Both ulcerative colitis (UC) and irritable bowel syndrome (IBS) are chronic gastrointestinal (GI) conditions that show some typical features. Persistent GI symptoms typical for IBS are observed in patients with diagnosed UC. Both IBS and UC are characterised by dysregulation of the enteric nervous system, alterations in the gut flora, low-grade mucosal inflammation, and activation of the brain-gut axis. Therefore, it appears that there may be some overlap between the two conditions. It is rather difficult to tell if the lower gastrointestinal symptoms are secondary to coexisting IBS or a hidden UC condition.

Given the disruptions in gut microbiota in UC and the likely role of the brain-gut axis in the production of such symptoms, treatments such as probiotics, fecal microbiota transplantation, antidepressants, and psychological therapy would appear to be sensible options to use in both illnesses. They are both chronic, causing patients to have a worse quality of life and everyday suffering, as well as incurring significant expenses for the health-care system.

The aim of this review article was to give an up-to-date perspective on the diagnosis and management of IBS-like symptoms in UC.

Keywords

diagnosis, irritable bowel syndrome, ulcerative colitis

Introduction

IBS has been estimated to affect about 10% of the general population globally, but the prevalence rates are highly variable.[1,2] They range from country to country from 1.1% to 45.0% but has been estimated to be 12% (95% CI 7%, 17%) generally in North America[2], with a similar prevalence specifically in Canada[3]. Rates also vary according to diagnostic criteria.[1,3-53-5] Studies have revealed that IBS is more common in women than in men. As for the IBS subtype, IBS with constipation is significantly more prevalent among women than among men.[6]

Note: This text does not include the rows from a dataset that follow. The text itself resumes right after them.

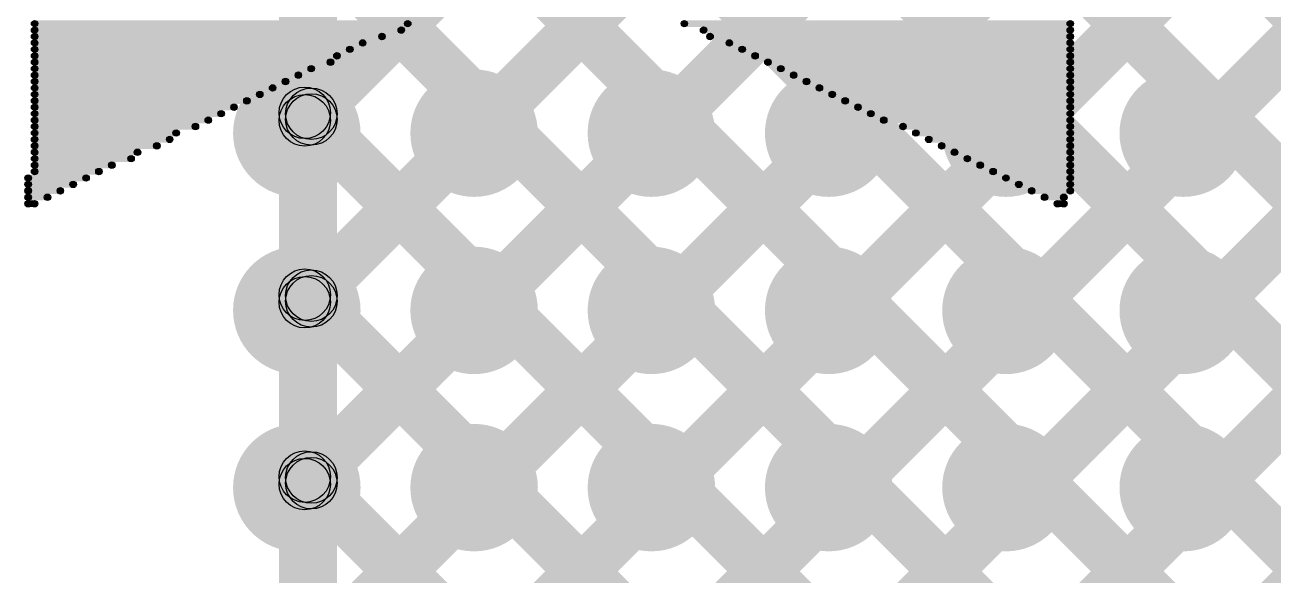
# Model space of a CAD drawing. Header units: millimetres. Extents: x -0.28 to 3.03, y -0.05 to 3.12.
# Drawn here: x 0.0065 to 0.2005, y 2.8023 to 2.8878 of the extents above; entities that cross this region are included whole.
import ezdxf

# ---------------------------------------------------------------- set-up
doc = ezdxf.new("R2010")
doc.units = ezdxf.units.MM
doc.header["$MEASUREMENT"] = 0
for name, color, linetype in [('BottomLayer', 5, 'Continuous'), ('BottomSolder', 6, 'Continuous'), ('TopLayer', 1, 'Continuous'), ('TopOverlay', 2, 'Continuous'), ('TopSolder', 216, 'Continuous'), ('ViaHoleLayer', 16, 'Continuous')]:
    doc.layers.add(name, color=color, linetype=linetype)

msp = doc.modelspace()

# ---------------------------------------------------------------- hatches: boundary and pattern name
at = {"layer": 'BottomLayer'}
for points in [[(0.05283, 2.67215), (0.04717, 2.6778), (0.4718, 3.10243), (0.47746, 3.09678)], [(0.05283, 2.64386), (0.04717, 2.64952), (0.50009, 3.10243), (0.50574, 3.09678)], [(0.05283, 2.87014), (0.04717, 2.87579), (0.27381, 3.10243), (0.27947, 3.09678)], [(0.05283, 2.78528), (0.04717, 2.79094), (0.35867, 3.10243), (0.36432, 3.09678)], [(0.05283, 2.72871), (0.04717, 2.73437), (0.41523, 3.10243), (0.42089, 3.09678)], [(0.05283, 2.70043), (0.04717, 2.70609), (0.44352, 3.10243), (0.44918, 3.09678)], [(0.05283, 2.757), (0.04717, 2.76266), (0.38695, 3.10243), (0.39261, 3.09678)], [(0.05283, 2.84185), (0.04717, 2.84751), (0.3021, 3.10243), (0.30775, 3.09678)], [(0.05283, 2.81357), (0.04717, 2.81922), (0.33038, 3.10243), (0.33604, 3.09678)], [(0.046, 3.09961), (0.054, 3.09961), (0.054, 2.51598), (0.046, 2.51598)], [(0.04717, 3.04101), (0.05283, 3.04667), (0.57283, 2.52667), (0.56717, 2.52101)], [(0.04717, 3.01272), (0.05283, 3.01838), (0.55538, 2.51583), (0.54972, 2.51017)], [(0.04717, 2.98444), (0.05283, 2.9901), (0.5271, 2.51583), (0.52144, 2.51017)], [(0.04717, 2.95616), (0.05283, 2.96181), (0.49881, 2.51583), (0.49316, 2.51017)], [(0.04717, 2.92787), (0.05283, 2.93353), (0.47053, 2.51583), (0.46487, 2.51017)], [(0.04717, 2.89959), (0.05283, 2.90524), (0.44224, 2.51583), (0.43659, 2.51017)], [(0.04717, 2.8713), (0.05283, 2.87696), (0.41396, 2.51583), (0.4083, 2.51017)], [(0.04717, 2.84302), (0.05283, 2.84867), (0.38567, 2.51583), (0.38002, 2.51017)], [(0.04717, 2.81473), (0.05283, 2.82039), (0.35739, 2.51583), (0.35173, 2.51017)]]:
    msp.add_hatch(color=5, dxfattribs=at).paths.add_polyline_path(points)
h = msp.add_hatch(color=5, dxfattribs=at)
edge = h.paths.add_edge_path()
edge.add_arc((0.04876, 2.87097), 0.00886, 0, 360)
h = msp.add_hatch(color=5, dxfattribs=at)
edge = h.paths.add_edge_path()
edge.add_arc((0.07632, 2.87097), 0.00886, 0, 360)
h = msp.add_hatch(color=5, dxfattribs=at)
edge = h.paths.add_edge_path()
edge.add_arc((0.10388, 2.87097), 0.00886, 0, 360)
h = msp.add_hatch(color=5, dxfattribs=at)
edge = h.paths.add_edge_path()
edge.add_arc((0.13144, 2.87097), 0.00886, 0, 360)
h = msp.add_hatch(color=5, dxfattribs=at)
edge = h.paths.add_edge_path()
edge.add_arc((0.159, 2.87097), 0.00886, 0, 360)
h = msp.add_hatch(color=5, dxfattribs=at)
edge = h.paths.add_edge_path()
edge.add_arc((0.18656, 2.87097), 0.00886, 0, 360)
h = msp.add_hatch(color=5, dxfattribs=at)
edge = h.paths.add_edge_path()
edge.add_arc((0.05, 2.87413), 0.004, 0, 360)
h = msp.add_hatch(color=5, dxfattribs=at)
edge = h.paths.add_edge_path()
edge.add_arc((0.05, 2.87296), 0.004, 0, 360)
h = msp.add_hatch(color=5, dxfattribs=at)
edge = h.paths.add_edge_path()
edge.add_arc((0.04876, 2.84341), 0.00886, 0, 360)
h = msp.add_hatch(color=5, dxfattribs=at)
edge = h.paths.add_edge_path()
edge.add_arc((0.07632, 2.84341), 0.00886, 0, 360)
h = msp.add_hatch(color=5, dxfattribs=at)
edge = h.paths.add_edge_path()
edge.add_arc((0.10388, 2.84341), 0.00886, 0, 360)
h = msp.add_hatch(color=5, dxfattribs=at)
edge = h.paths.add_edge_path()
edge.add_arc((0.13144, 2.84341), 0.00886, 0, 360)
h = msp.add_hatch(color=5, dxfattribs=at)
edge = h.paths.add_edge_path()
edge.add_arc((0.159, 2.84341), 0.00886, 0, 360)
h = msp.add_hatch(color=5, dxfattribs=at)
edge = h.paths.add_edge_path()
edge.add_arc((0.18656, 2.84341), 0.00886, 0, 360)
h = msp.add_hatch(color=5, dxfattribs=at)
edge = h.paths.add_edge_path()
edge.add_arc((0.05, 2.84585), 0.004, 0, 360)
h = msp.add_hatch(color=5, dxfattribs=at)
edge = h.paths.add_edge_path()
edge.add_arc((0.05, 2.84468), 0.004, 0, 360)
h = msp.add_hatch(color=5, dxfattribs=at)
edge = h.paths.add_edge_path()
edge.add_arc((0.04876, 2.81585), 0.00886, 0, 360)
h = msp.add_hatch(color=5, dxfattribs=at)
edge = h.paths.add_edge_path()
edge.add_arc((0.07632, 2.81585), 0.00886, 0, 360)
h = msp.add_hatch(color=5, dxfattribs=at)
edge = h.paths.add_edge_path()
edge.add_arc((0.10388, 2.81585), 0.00886, 0, 360)
h = msp.add_hatch(color=5, dxfattribs=at)
edge = h.paths.add_edge_path()
edge.add_arc((0.13144, 2.81585), 0.00886, 0, 360)
h = msp.add_hatch(color=5, dxfattribs=at)
edge = h.paths.add_edge_path()
edge.add_arc((0.159, 2.81585), 0.00886, 0, 360)
h = msp.add_hatch(color=5, dxfattribs=at)
edge = h.paths.add_edge_path()
edge.add_arc((0.18656, 2.81585), 0.00886, 0, 360)
h = msp.add_hatch(color=5, dxfattribs=at)
edge = h.paths.add_edge_path()
edge.add_arc((0.05, 2.81756), 0.004, 0, 360)
h = msp.add_hatch(color=5, dxfattribs=at)
edge = h.paths.add_edge_path()
edge.add_arc((0.05, 2.8164), 0.004, 0, 360)
at = {"layer": 'BottomSolder'}
h = msp.add_hatch(color=6, dxfattribs=at)
edge = h.paths.add_edge_path()
edge.add_arc((0.04876, 2.87097), 0.00991, 0, 360)
h = msp.add_hatch(color=6, dxfattribs=at)
edge = h.paths.add_edge_path()
edge.add_arc((0.07632, 2.87097), 0.00991, 0, 360)
h = msp.add_hatch(color=6, dxfattribs=at)
edge = h.paths.add_edge_path()
edge.add_arc((0.10388, 2.87097), 0.00991, 0, 360)
h = msp.add_hatch(color=6, dxfattribs=at)
edge = h.paths.add_edge_path()
edge.add_arc((0.13144, 2.87097), 0.00991, 0, 360)
h = msp.add_hatch(color=6, dxfattribs=at)
edge = h.paths.add_edge_path()
edge.add_arc((0.159, 2.87097), 0.00991, 0, 360)
h = msp.add_hatch(color=6, dxfattribs=at)
edge = h.paths.add_edge_path()
edge.add_arc((0.18656, 2.87097), 0.00991, 0, 360)
h = msp.add_hatch(color=6, dxfattribs=at)
edge = h.paths.add_edge_path()
edge.add_arc((0.04876, 2.84341), 0.00991, 0, 360)
h = msp.add_hatch(color=6, dxfattribs=at)
edge = h.paths.add_edge_path()
edge.add_arc((0.07632, 2.84341), 0.00991, 0, 360)
h = msp.add_hatch(color=6, dxfattribs=at)
edge = h.paths.add_edge_path()
edge.add_arc((0.10388, 2.84341), 0.00991, 0, 360)
h = msp.add_hatch(color=6, dxfattribs=at)
edge = h.paths.add_edge_path()
edge.add_arc((0.13144, 2.84341), 0.00991, 0, 360)
h = msp.add_hatch(color=6, dxfattribs=at)
edge = h.paths.add_edge_path()
edge.add_arc((0.159, 2.84341), 0.00991, 0, 360)
h = msp.add_hatch(color=6, dxfattribs=at)
edge = h.paths.add_edge_path()
edge.add_arc((0.18656, 2.84341), 0.00991, 0, 360)
h = msp.add_hatch(color=6, dxfattribs=at)
edge = h.paths.add_edge_path()
edge.add_arc((0.04876, 2.81585), 0.00991, 0, 360)
h = msp.add_hatch(color=6, dxfattribs=at)
edge = h.paths.add_edge_path()
edge.add_arc((0.07632, 2.81585), 0.00991, 0, 360)
h = msp.add_hatch(color=6, dxfattribs=at)
edge = h.paths.add_edge_path()
edge.add_arc((0.10388, 2.81585), 0.00991, 0, 360)
h = msp.add_hatch(color=6, dxfattribs=at)
edge = h.paths.add_edge_path()
edge.add_arc((0.13144, 2.81585), 0.00991, 0, 360)
h = msp.add_hatch(color=6, dxfattribs=at)
edge = h.paths.add_edge_path()
edge.add_arc((0.159, 2.81585), 0.00991, 0, 360)
h = msp.add_hatch(color=6, dxfattribs=at)
edge = h.paths.add_edge_path()
edge.add_arc((0.18656, 2.81585), 0.00991, 0, 360)
at = {"layer": 'TopLayer'}
for points in [[(0.05385, 2.67317), (0.0482, 2.67883), (0.4712, 3.10183), (0.47685, 3.09617)], [(0.05385, 2.64489), (0.0482, 2.65054), (0.49948, 3.10183), (0.50514, 3.09617)], [(0.05385, 2.78631), (0.0482, 2.79196), (0.35806, 3.10183), (0.36372, 3.09617)], [(0.05385, 2.75802), (0.0482, 2.76368), (0.38634, 3.10183), (0.392, 3.09617)], [(0.05385, 2.87116), (0.0482, 2.87682), (0.27321, 3.10183), (0.27886, 3.09617)], [(0.05385, 2.84288), (0.0482, 2.84853), (0.30149, 3.10183), (0.30715, 3.09617)], [(0.05385, 2.72974), (0.0482, 2.7354), (0.41463, 3.10183), (0.42029, 3.09617)], [(0.05385, 2.70145), (0.0482, 2.70711), (0.44291, 3.10183), (0.44857, 3.09617)], [(0.05385, 2.81459), (0.0482, 2.82025), (0.32978, 3.10183), (0.33543, 3.09617)], [(0.05502, 2.51538), (0.04702, 2.51538), (0.04702, 3.099), (0.05502, 3.099)], [(0.0482, 3.03998), (0.05385, 3.04564), (0.57824, 2.52126), (0.57258, 2.5156)], [(0.0482, 3.0117), (0.05385, 3.01736), (0.60323, 2.46798), (0.59757, 2.46232)], [(0.0482, 2.98342), (0.05385, 2.98907), (0.58029, 2.46264), (0.57463, 2.45698)], [(0.0482, 2.95513), (0.05385, 2.96079), (0.52628, 2.48836), (0.52063, 2.4827)], [(0.0482, 2.92685), (0.05385, 2.9325), (0.51222, 2.47414), (0.50656, 2.46848)], [(0.0482, 2.89856), (0.05385, 2.90422), (0.49543, 2.46264), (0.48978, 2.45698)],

The prevalence of irritable bowel syndrome (IBS) in Bulgaria estimated from a population-based study is approximately 20%, which was comparable to that in the Middle East and developed Asian countries.[5] According to a 2012 meta-analysis, the pooled global prevalence of the disorder was 11.2%, ranging from 1.1% to 45.0%.[7] Recently, a global epidemiological study of functional gastrointestinal disorders (FGID) has reported that IBS has a prevalence rate of 4.1%.[8] The study concluded that the African continent, the Arab world, and Eastern Europe are severely underrepresented in IBS prevalence studies.[8]

Ulcerative colitis (UC) has an incidence of 8–14 per 100,000 people, and a prevalence of 120–200 per 100,000 people in Western populations.[9]

Among quiescent UC patients, a higher prevalence of IBS-like symptoms than expected was reported more than 30 years ago by Isgar et al.[10] These conclusions have since been repeated in several studies in UC patients and patients with Crohn’s disease (CD).[11–13]

There is considerable variation in the reported prevalence rates, ranging from 9% to 46% in UC patients with quiescent disease.[14] This could be explained by different criteria used for remission in UC patients, different criteria for the diagnosis of IBS, or various study designs. Recently, the IBSEN study reported that the overall prevalence of IBS-like symptoms in UC was 27%, and in patients in deep remission, the prevalence was 29%.[15] No difference in the prevalence of IBS-like symptoms was found between UC patients with ongoing inflammation and patients in deep remission. IBS-like symptoms in UC patients were quite frequent after 20 years of the disease.[15]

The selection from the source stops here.